Discover how strategy, planning, and having the right equipment for success have become vital in the modern age of cycling.
This interview with Alex Stieda, a former professional cyclist and member of the 7-Eleven Cycling Team, provides an insightful look at how technology and data analysis have impacted cycling in recent years, what it takes to be a successful racer and the impact of the Netflix TV show “Tour de France: Unchained” which first episode was broadcast on June 8, 2023.
What do you think about the role and impact of technology and data analysis in modern cycling?
Cycling is more sophisticated than before due to technological evolution.
The tire improvements alone are a game changer. The size, weight and pressure of the tires have changed dramatically.
We used to use 20 mm or 22 mm tires; now 25–32 mm tires are the norm due to increased aero efficiency and lower rolling resistance.
You now also have the choice of the size of the tire and the type of rim (carbon, aluminum, etc.) and depth of the rim. This evolution brought a different vision to the cycling business.
Back in the days, when you were a cyclist, you were either ‘good’ or” bad” because of your physical performance. Now, all the equipment and the technological gear matter and can make a huge difference too. But you still must be an incredible athlete to be able to participate in professional cycling races.
Data measurement has also become a major evolution that has changed the cycling world.
It allows cyclists and teams to gain valuable insights into their performance.

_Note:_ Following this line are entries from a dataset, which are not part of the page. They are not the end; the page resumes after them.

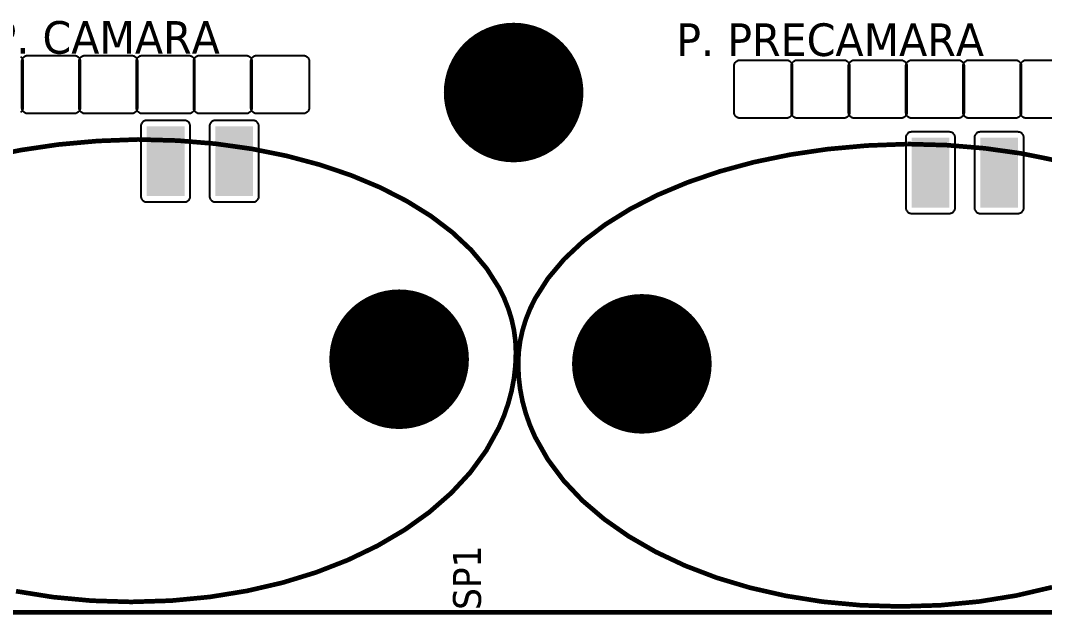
# Model space of a CAD drawing. Header units: millimetres. Extents: x 123.5 to 144.3, y 105.4 to 121.6.
# Drawn here: x 130.969 to 134.138, y 111.105 to 112.944 of the extents above; entities that cross this region are included whole.
import ezdxf

# ---------------------------------------------------------------- set-up
doc = ezdxf.new("R2010")
doc.units = ezdxf.units.MM
doc.layers.add('DESC', color=250, linetype='Continuous')
doc.styles.get("Standard").update_dxf_attribs({"font": 'tahoma.ttf'})

# ---------------------------------------------------------------- blocks, each defined once
blk = doc.blocks.new('RPAD')
blk.add_trace([(-0.5, -0.5), (-0.5, 0.5), (0.5, -0.5), (0.5, 0.5)])
blk = doc.blocks.new('EPAD')
at = {"const_width": 0.5}
blk.add_lwpolyline([(-0.25, 0, 1), (0.25, 0, 1)], format="xyb", close=True, dxfattribs=at)
blk = doc.blocks.new('DIELEC-AUT006')
at = {"const_width": 0.012}
for points in [[(145.7768, 111.1683), (155.7749, 111.1683), (155.7749, 115.8809), (145.7768, 115.8809), (145.7768, 111.1683)], [(145.7768, 111.1683), (155.7749, 111.1683), (155.7749, 115.8809), (145.7768, 115.8809), (145.7768, 111.1683)], [(145.7768, 111.1683), (155.7749, 111.1683), (155.7749, 115.8809), (145.7768, 115.8809), (145.7768, 111.1683)], [(150.6371, 112.3878), (150.5323, 112.3839), (150.431, 112.3747), (150.3338, 112.3603), (150.2409, 112.3411)], [(150.3223, 111.2225), (150.4177, 111.2073), (150.5168, 111.198), (150.6193, 111.1949), (150.7225, 111.1981), (150.8222, 111.2077), (150.9181, 111.2233), (151.0098, 111.2445), (151.0967, 111.2712), (151.1785, 111.3031), (151.2546, 111.3397), (151.3247, 111.3809), (151.3882, 111.4264), (151.4447, 111.4758), (151.4938, 111.5288), (151.5349, 111.5852), (151.5677, 111.6447), (151.5809, 111.6755), (151.5917, 111.707), (151.6003, 111.739), (151.6065, 111.7717), (151.6102, 111.8049), (151.6115, 111.8386), (151.6102, 111.8673), (151.6065, 111.8957), (151.6005, 111.9235), (151.5921, 111.9509), (151.5814, 111.9777), (151.5685, 112.004), (151.5363, 112.0547), (151.4959, 112.1028), (151.4477, 112.1481), (151.3922, 112.1903), (151.3298, 112.229), (151.261, 112.2642), (151.1862, 112.2955), (151.1059, 112.3226), (151.0205, 112.3454), (150.9305, 112.3636), (150.8363, 112.3769), (150.7383, 112.385), (150.6371, 112.3878)], [(150.6371, 112.3878), (150.5323, 112.3839), (150.431, 112.3747), (150.3338, 112.3603), (150.2409, 112.3411)], [(150.3223, 111.2225), (150.4177, 111.2073), (150.5168, 111.198), (150.6193, 111.1949), (150.7225, 111.1981), (150.8222, 111.2077), (150.9181, 111.2233), (151.0098, 111.2445), (151.0967, 111.2712), (151.1785, 111.3031), (151.2546, 111.3397), (151.3247, 111.3809), (151.3882, 111.4264), (151.4447, 111.4758), (151.4938, 111.5288), (151.5349, 111.5852), (151.5677, 111.6447), (151.5809, 111.6755), (151.5917, 111.707), (151.6003, 111.739), (151.6065, 111.7717), (151.6102, 111.8049), (151.6115, 111.8386), (151.6102, 111.8673), (151.6065, 111.8957), (151.6005, 111.9235), (151.5921, 111.9509), (151.5814, 111.9777), (151.5685, 112.004), (151.5363, 112.0547), (151.4959, 112.1028), (151.4477, 112.1481), (151.3922, 112.1903), (151.3298, 112.229), (151.261, 112.2642), (151.1862, 112.2955), (151.1059, 112.3226), (151.0205, 112.3454), (150.9305, 112.3636), (150.8363, 112.3769), (150.7383, 112.385), (150.6371, 112.3878)], [(150.6371, 112.3878), (150.5323, 112.3839), (150.431, 112.3747), (150.3338, 112.3603), (150.2409, 112.3411)], [(150.3223, 111.2225), (150.4177, 111.2073), (150.5168, 111.198), (150.6193, 111.1949), (150.7225, 111.1981), (150.8222, 111.2077), (150.9181, 111.2233), (151.0098, 111.2445), (151.0967, 111.2712), (151.1785, 111.3031), (151.2546, 111.3397), (151.3247, 111.3809), (151.3882, 111.4264), (151.4447, 111.4758), (151.4938, 111.5288), (151.5349, 111.5852), (151.5677, 111.6447), (151.5809, 111.6755), (151.5917, 111.707), (151.6003, 111.739), (151.6065, 111.7717), (151.6102, 111.8049), (151.6115, 111.8386), (151.6102, 111.8673), (151.6065, 111.8957), (151.6005, 111.9235), (151.5921, 111.9509), (151.5814, 111.9777), (151.5685, 112.004), (151.5363, 112.0547), (151.4959, 112.1028), (151.4477, 112.1481), (151.3922, 112.1903), (151.3298, 112.229), (151.261, 112.2642), (151.1862, 112.2955), (151.1059, 112.3226), (151.0205, 112.3454), (150.9305, 112.3636), (150.8363, 112.3769), (150.7383, 112.385), (150.6371, 112.3878)], [(152.6213, 112.376), (152.5165, 112.3721), (152.4153, 112.3629), (152.318, 112.3485), (152.2251, 112.3293), (152.1371, 112.3054), (152.0544, 112.2772), (151.9774, 112.2449), (151.9066, 112.2086), (151.8425, 112.1688), (151.7854, 112.1256), (151.736, 112.0792), (151.6945, 112.0299), (151.6614, 111.978), (151.6482, 111.9512), (151.6372, 111.9238), (151.6286, 111.8958), (151.6224, 111.8674), (151.6186, 111.8384), (151.6174, 111.809), (151.6186, 111.7763), (151.6224, 111.744), (151.6285, 111.7122), (151.637, 111.6811), (151.6478, 111.6505), (151.6608, 111.6205), (151.6935, 111.5627), (151.7344, 111.5078), (151.7831, 111.4562), (151.8393, 111.4082), (151.9025, 111.364), (151.9721, 111.3239), (152.0478, 111.2883), (152.129, 111.2573), (152.2155, 111.2314), (152.3066, 111.2107), (152.4019, 111.1955), (152.5011, 111.1862), (152.6036, 111.1831), (152.7067, 111.1863), (152.8065, 111.1959), (152.9024, 111.2114), (152.9941, 111.2327)], [(153.0048, 112.3336), (152.9148, 112.3518), (152.8205, 112.365), (152.7226, 112.3732), (152.6213, 112.376)], [(152.6213, 112.376), (152.5165, 112.3721), (152.4153, 112.3629), (152.318, 112.3485), (152.2251, 112.3293), (152.1371, 112.3054), (152.0544, 112.2772), (151.9774, 112.2449), (151.9066, 112.2086), (151.8425, 112.1688), (151.7854, 112.1256), (151.736, 112.0792), (151.6945, 112.0299), (151.6614, 111.978), (151.6482, 111.9512), (151.6372, 111.9238), (151.6286, 111.8958), (151.6224, 111.8674), (151.6186, 111.8384), (151.6174, 111.809), (151.6186, 111.7763), (151.6224, 111.744), (151.6285, 111.7122), (151.637, 111.6811), (151.6478, 111.6505), (151.6608, 111.6205), (151.6935, 111.5627), (151.7344, 111.5078), (151.7831, 111.4562), (151.8393, 111.4082), (151.9025, 111.364), (151.9721, 111.3239), (152.0478, 111.2883), (152.129, 111.2573), (152.2155, 111.2314), (152.3066, 111.2107), (152.4019, 111.1955), (152.5011, 111.1862), (152.6036, 111.1831), (152.7067, 111.1863), (152.8065, 111.1959), (152.9024, 111.2114), (152.9941, 111.2327)], [(153.0048, 112.3336), (152.9148, 112.3518), (152.8205, 112.365), (152.7226, 112.3732), (152.6213, 112.376)], [(152.6213, 112.376), (152.5165, 112.3721), (152.4153, 112.3629), (152.318, 112.3485), (152.2251, 112.3293), (152.1371, 112.3054), (152.0544, 112.2772), (151.9774, 112.2449), (151.9066, 112.2086), (151.8425, 112.1688), (151.7854, 112.1256), (151.736, 112.0792), (151.6945, 112.0299), (151.6614, 111.978), (151.6482, 111.9512), (151.6372, 111.9238), (151.6286, 111.8958), (151.6224, 111.8674), (151.6186, 111.8384), (151.6174, 111.809), (151.6186, 111.7763), (151.6224, 111.744), (151.6285, 111.7122), (151.637, 111.6811), (151.6478, 111.6505), (151.6608, 111.6205), (151.6935, 111.5627), (151.7344, 111.5078), (151.7831, 111.4562), (151.8393, 111.4082), (151.9025, 111.364), (151.9721, 111.3239), (152.0478, 111.2883), (152.129, 111.2573), (152.2155, 111.2314), (152.3066, 111.2107), (152.4019, 111.1955), (152.5011, 111.1862), (152.6036, 111.1831), (152.7067, 111.1863), (152.8065, 111.1959), (152.9024, 111.2114), (152.9941, 111.2327)], [(153.0048, 112.3336), (152.9148, 112.3518), (152.8205, 112.365), (152.7226, 112.3732), (152.6213, 112.376)]]:
    blk.add_lwpolyline(points, dxfattribs=at)
for points in [[(150.3335, 112.602), (150.3346, 112.6011), (150.3357, 112.6002), (150.3366, 112.5991), (150.3375, 112.598), (150.3382, 112.5967), (150.3389, 112.5954), (150.3394, 112.594), (150.3397, 112.5926), (150.3399, 112.5911), (150.34, 112.5895), (150.34, 112.4695), (150.3399, 112.468), (150.3397, 112.4665), (150.3394, 112.465), (150.3389, 112.4636), (150.3382, 112.4623), (150.3375, 112.4611), (150.3366, 112.4599), (150.3357, 112.4589), (150.3346, 112.4579), (150.3335, 112.457)], [(153.0475, 112.4427), (152.9275, 112.4427), (152.9259, 112.4428), (152.9244, 112.443), (152.9229, 112.4434), (152.9215, 112.4439), (152.9202, 112.4445), (152.919, 112.4452), (152.9178, 112.4461), (152.9168, 112.447), (152.9158, 112.4481), (152.915, 112.4493), (152.9142, 112.4505), (152.9136, 112.4518), (152.9131, 112.4532), (152.9128, 112.4546), (152.9125, 112.4562), (152.9125, 112.4577), (152.9125, 112.5777), (152.9125, 112.5793), (152.9128, 112.5808), (152.9131, 112.5822), (152.9136, 112.5836), (152.9142, 112.5849), (152.915, 112.5862), (152.9158, 112.5873), (152.9168, 112.5884), (152.9178, 112.5893), (152.919, 112.5902), (152.9202, 112.5909), (152.9215, 112.5916), (152.9229, 112.592), (152.9244, 112.5924), (152.9259, 112.5926), (152.9275, 112.5927), (153.0475, 112.5927)]]:
    blk.add_lwpolyline(points)
for points in [[(150.4726, 112.4545), (150.3526, 112.4545), (150.3511, 112.4546), (150.3496, 112.4548), (150.3481, 112.4552), (150.3467, 112.4557), (150.3454, 112.4563), (150.3442, 112.457), (150.343, 112.4579), (150.342, 112.4589), (150.341, 112.4599), (150.3402, 112.4611), (150.3394, 112.4623), (150.3388, 112.4636), (150.3383, 112.465), (150.3379, 112.4665), (150.3377, 112.468), (150.3376, 112.4695), (150.3376, 112.5895), (150.3377, 112.5911), (150.3379, 112.5926), (150.3383, 112.594), (150.3388, 112.5954), (150.3394, 112.5967), (150.3402, 112.598), (150.341, 112.5991), (150.342, 112.6002), (150.343, 112.6011), (150.3442, 112.602), (150.3454, 112.6027), (150.3467, 112.6034), (150.3481, 112.6039), (150.3496, 112.6042), (150.3511, 112.6044), (150.3526, 112.6045), (150.4726, 112.6045), (150.4742, 112.6044), (150.4757, 112.6042), (150.4772, 112.6039), (150.4786, 112.6034), (150.4799, 112.6027), (150.4811, 112.602), (150.4823, 112.6011), (150.4833, 112.6002), (150.4843, 112.5991), (150.4851, 112.598), (150.4859, 112.5967), (150.4865, 112.5954), (150.487, 112.594), (150.4874, 112.5926), (150.4876, 112.5911), (150.4876, 112.5895), (150.4876, 112.4695), (150.4876, 112.468), (150.4874, 112.4665), (150.487, 112.465), (150.4865, 112.4636), (150.4859, 112.4623), (150.4851, 112.4611), (150.4843, 112.4599), (150.4833, 112.4589), (150.4823, 112.4579), (150.4811, 112.457), (150.4799, 112.4563), (150.4786, 112.4557), (150.4772, 112.4552), (150.4757, 112.4548), (150.4742, 112.4546), (150.4726, 112.4545)], [(150.6203, 112.4545), (150.5003, 112.4545), (150.4987, 112.4546), (150.4972, 112.4548), (150.4958, 112.4552), (150.4944, 112.4557), (150.4931, 112.4563), (150.4918, 112.457), (150.4907, 112.4579), (150.4896, 112.4589), (150.4887, 112.4599), (150.4878, 112.4611), (150.4871, 112.4623), (150.4864, 112.4636), (150.4859, 112.465), (150.4856, 112.4665), (150.4854, 112.468), (150.4853, 112.4695), (150.4853, 112.5895), (150.4854, 112.5911), (150.4856, 112.5926), (150.4859, 112.594), (150.4864, 112.5954), (150.4871, 112.5967), (150.4878, 112.598), (150.4887, 112.5991), (150.4896, 112.6002), (150.4907, 112.6011), (150.4918, 112.602), (150.4931, 112.6027), (150.4944, 112.6034), (150.4958, 112.6039), (150.4972, 112.6042), (150.4987, 112.6044), (150.5003, 112.6045), (150.6203, 112.6045), (150.6218, 112.6044), (150.6234, 112.6042), (150.6248, 112.6039), (150.6262, 112.6034), (150.6275, 112.6027), (150.6287, 112.602), (150.6299, 112.6011), (150.631, 112.6002), (150.6319, 112.5991), (150.6328, 112.598), (150.6335, 112.5967), (150.6341, 112.5954), (150.6346, 112.594), (150.635, 112.5926), (150.6352, 112.5911), (150.6353, 112.5895), (150.6353, 112.4695), (150.6352, 112.468), (150.635, 112.4665), (150.6346, 112.465), (150.6341, 112.4636), (150.6335, 112.4623), (150.6328, 112.4611), (150.6319, 112.4599), (150.631, 112.4589), (150.6299, 112.4579), (150.6287, 112.457), (150.6275, 112.4563), (150.6262, 112.4557), (150.6248, 112.4552), (150.6234, 112.4548), (150.6218, 112.4546), (150.6203, 112.4545)], [(150.7679, 112.4545), (150.6479, 112.4545), (150.6464, 112.4546), (150.6449, 112.4548), (150.6434, 112.4552), (150.642, 112.4557), (150.6407, 112.4563), (150.6395, 112.457), (150.6383, 112.4579), (150.6373, 112.4589), (150.6363, 112.4599), (150.6354, 112.4611), (150.6347, 112.4623), (150.6341, 112.4636), (150.6336, 112.465), (150.6332, 112.4665), (150.633, 112.468), (150.6329, 112.4695), (150.6329, 112.5895), (150.633, 112.5911), (150.6332, 112.5926), (150.6336, 112.594), (150.6341, 112.5954), (150.6347, 112.5967), (150.6354, 112.598), (150.6363, 112.5991), (150.6373, 112.6002), (150.6383, 112.6011), (150.6395, 112.602), (150.6407, 112.6027), (150.642, 112.6034), (150.6434, 112.6039), (150.6449, 112.6042), (150.6464, 112.6044), (150.6479, 112.6045), (150.7679, 112.6045), (150.7695, 112.6044), (150.771, 112.6042), (150.7724, 112.6039), (150.7738, 112.6034), (150.7751, 112.6027), (150.7764, 112.602), (150.7775, 112.6011), (150.7786, 112.6002), (150.7795, 112.5991), (150.7804, 112.598), (150.7811, 112.5967), (150.7818, 112.5954), (150.7823, 112.594), (150.7826, 112.5926), (150.7828, 112.5911), (150.7829, 112.5895), (150.7829, 112.4695), (150.7828, 112.468), (150.7826, 112.4665), (150.7823, 112.465), (150.7818, 112.4636), (150.7811, 112.4623), (150.7804, 112.4611), (150.7795, 112.4599), (150.7786, 112.4589), (150.7775, 112.4579), (150.7764, 112.457), (150.7751, 112.4563), (150.7738, 112.4557), (150.7724, 112.4552), (150.771, 112.4548), (150.7695, 112.4546), (150.7679, 112.4545)], [(150.9156, 112.4545), (150.7956, 112.4545), (150.794, 112.4546), (150.7925, 112.4548), (150.791, 112.4552), (150.7897, 112.4557), (150.7883, 112.4563), (150.7871, 112.457), (150.786, 112.4579), (150.7849, 112.4589), (150.7839, 112.4599), (150.7831, 112.4611), (150.7823, 112.4623), (150.7817, 112.4636), (150.7812, 112.465), (150.7809, 112.4665), (150.7806, 112.468), (150.7806, 112.4695), (150.7806, 112.5895), (150.7806, 112.5911), (150.7809, 112.5926), (150.7812, 112.594), (150.7817, 112.5954), (150.7823, 112.5967), (150.7831, 112.598), (150.7839, 112.5991), (150.7849, 112.6002), (150.786, 112.6011), (150.7871, 112.602), (150.7883, 112.6027), (150.7897, 112.6034), (150.791, 112.6039), (150.7925, 112.6042), (150.794, 112.6044), (150.7956, 112.6045), (150.9156, 112.6045), (150.9171, 112.6044), (150.9186, 112.6042), (150.9201, 112.6039), (150.9215, 112.6034), (150.9228, 112.6027), (150.924, 112.602), (150.9252, 112.6011), (150.9262, 112.6002), (150.9272, 112.5991), (150.928, 112.598), (150.9288, 112.5967), (150.9294, 112.5954), (150.9299, 112.594), (150.9303, 112.5926), (150.9305, 112.5911), (150.9306, 112.5895), (150.9306, 112.4695), (150.9305, 112.468), (150.9303, 112.4665), (150.9299, 112.465), (150.9294, 112.4636), (150.9288, 112.4623), (150.928, 112.4611), (150.9272, 112.4599), (150.9262, 112.4589), (150.9252, 112.4579), (150.924, 112.457), (150.9228, 112.4563), (150.9215, 112.4557), (150.9201, 112.4552), (150.9186, 112.4548), (150.9171, 112.4546), (150.9156, 112.4545)], [(151.0632, 112.4545), (150.9432, 112.4545), (150.9416, 112.4546), (150.9401, 112.4548), (150.9387, 112.4552), (150.9373, 112.4557), (150.936, 112.4563), (150.9347, 112.457), (150.9336, 112.4579), (150.9325, 112.4589), (150.9316, 112.4599), (150.9307, 112.4611), (150.93, 112.4623), (150.9294, 112.4636), (150.9289, 112.465), (150.9285, 112.4665), (150.9283, 112.468), (150.9282, 112.4695), (150.9282, 112.5895), (150.9283, 112.5911), (150.9285, 112.5926), (150.9289, 112.594), (150.9294, 112.5954), (150.93, 112.5967), (150.9307, 112.598), (150.9316, 112.5991), (150.9325, 112.6002), (150.9336, 112.6011), (150.9347, 112.602), (150.936, 112.6027), (150.9373, 112.6034), (150.9387, 112.6039), (150.9401, 112.6042), (150.9416, 112.6044), (150.9432, 112.6045), (151.0632, 112.6045), (151.0648, 112.6044), (151.0663, 112.6042), (151.0677, 112.6039), (151.0691, 112.6034), (151.0704, 112.6027), (151.0717, 112.602), (151.0728, 112.6011), (151.0739, 112.6002), (151.0748, 112.5991), (151.0757, 112.598), (151.0764, 112.5967), (151.077, 112.5954), (151.0775, 112.594), (151.0779, 112.5926), (151.0781, 112.5911), (151.0782, 112.5895), (151.0782, 112.4695), (151.0781, 112.468), (151.0779, 112.4665), (151.0775, 112.465), (151.077, 112.4636), (151.0764, 112.4623), (151.0757, 112.4611), (151.0748, 112.4599), (151.0739, 112.4589), (151.0728, 112.4579), (151.0717, 112.457), (151.0704, 112.4563), (151.0691, 112.4557), (151.0677, 112.4552), (151.0663, 112.4548), (151.0648, 112.4546), (151.0632, 112.4545)], [(152.3093, 112.4427), (152.1893, 112.4427), (152.1877, 112.4428), (152.1862, 112.443), (152.1847, 112.4434), (152.1834, 112.4439), (152.182, 112.4445), (152.1808, 112.4452), (152.1797, 112.4461), (152.1786, 112.447), (152.1776, 112.4481), (152.1768, 112.4493), (152.176, 112.4505), (152.1754, 112.4518), (152.1749, 112.4532), (152.1746, 112.4546), (152.1743, 112.4562), (152.1743, 112.4577), (152.1743, 112.5777), (152.1743, 112.5793), (152.1746, 112.5808), (152.1749, 112.5822), (152.1754, 112.5836), (152.176, 112.5849), (152.1768, 112.5862), (152.1776, 112.5873), (152.1786, 112.5884), (152.1797, 112.5893), (152.1808, 112.5902), (152.182, 112.5909), (152.1834, 112.5916), (152.1847, 112.592), (152.1862, 112.5924), (152.1877, 112.5926), (152.1893, 112.5927), (152.3093, 112.5927), (152.3108, 112.5926), (152.3123, 112.5924), (152.3138, 112.592), (152.3152, 112.5916), (152.3165, 112.5909), (152.3177, 112.5902), (152.3189, 112.5893), (152.3199, 112.5884), (152.3209, 112.5873), (152.3217, 112.5862), (152.3225, 112.5849), (152.3231, 112.5836), (152.3236, 112.5822), (152.324, 112.5808), (152.3242, 112.5793), (152.3243, 112.5777), (152.3243, 112.4577), (152.3242, 112.4562), (152.324, 112.4546), (152.3236, 112.4532), (152.3231, 112.4518), (152.3225, 112.4505), (152.3217, 112.4493), (152.3209, 112.4481), (152.3199, 112.447), (152.3189, 112.4461), (152.3177, 112.4452), (152.3165, 112.4445), (152.3152, 112.4439), (152.3138, 112.4434), (152.3123, 112.443), (152.3108, 112.4428), (152.3093, 112.4427)], [(152.4569, 112.4427), (152.3369, 112.4427), (152.3353, 112.4428), (152.3338, 112.443), (152.3324, 112.4434), (152.331, 112.4439), (152.3297, 112.4445), (152.3284, 112.4452), (152.3273, 112.4461), (152.3262, 112.447), (152.3253, 112.4481), (152.3244, 112.4493), (152.3237, 112.4505), (152.3231, 112.4518), (152.3226, 112.4532), (152.3222, 112.4546), (152.322, 112.4562), (152.3219, 112.4577), (152.3219, 112.5777), (152.322, 112.5793), (152.3222, 112.5808), (152.3226, 112.5822), (152.3231, 112.5836), (152.3237, 112.5849), (152.3244, 112.5862), (152.3253, 112.5873), (152.3262, 112.5884), (152.3273, 112.5893), (152.3284, 112.5902), (152.3297, 112.5909), (152.331, 112.5916), (152.3324, 112.592), (152.3338, 112.5924), (152.3353, 112.5926), (152.3369, 112.5927), (152.4569, 112.5927), (152.4585, 112.5926), (152.46, 112.5924), (152.4614, 112.592), (152.4628, 112.5916), (152.4641, 112.5909), (152.4654, 112.5902), (152.4665, 112.5893), (152.4676, 112.5884), (152.4685, 112.5873), (152.4694, 112.5862), (152.4701, 112.5849), (152.4707, 112.5836), (152.4712, 112.5822), (152.4716, 112.5808), (152.4718, 112.5793), (152.4719, 112.5777), (152.4719, 112.4577), (152.4718, 112.4562), (152.4716, 112.4546), (152.4712, 112.4532), (152.4707, 112.4518), (152.4701, 112.4505), (152.4694, 112.4493), (152.4685, 112.4481), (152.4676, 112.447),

Data sensors on bikes and wearable devices used by cyclists capture a wide range of metrics such as speed, power output, heart rate, glucose, and cadence. This data helps analyze and make strategic decisions during races or training camps.
I realize now that when I was a professional cyclist we were over-racing and had less time to rest between the races. Now, the teams have more cyclists, so they can choose who will rest for specific competitions.
Usually, the teams ensure that their best cyclists can peak to participate in the Major Competitions and recover in the smaller ones.
Where did your training camps take place?
When I was part of the 7-Eleven Cycling Team, the training camps took place in California (Napa Valley) or Texas (Austin).
We never really trained with a Canadian Team. I trained either with the 7-Eleven team or by myself.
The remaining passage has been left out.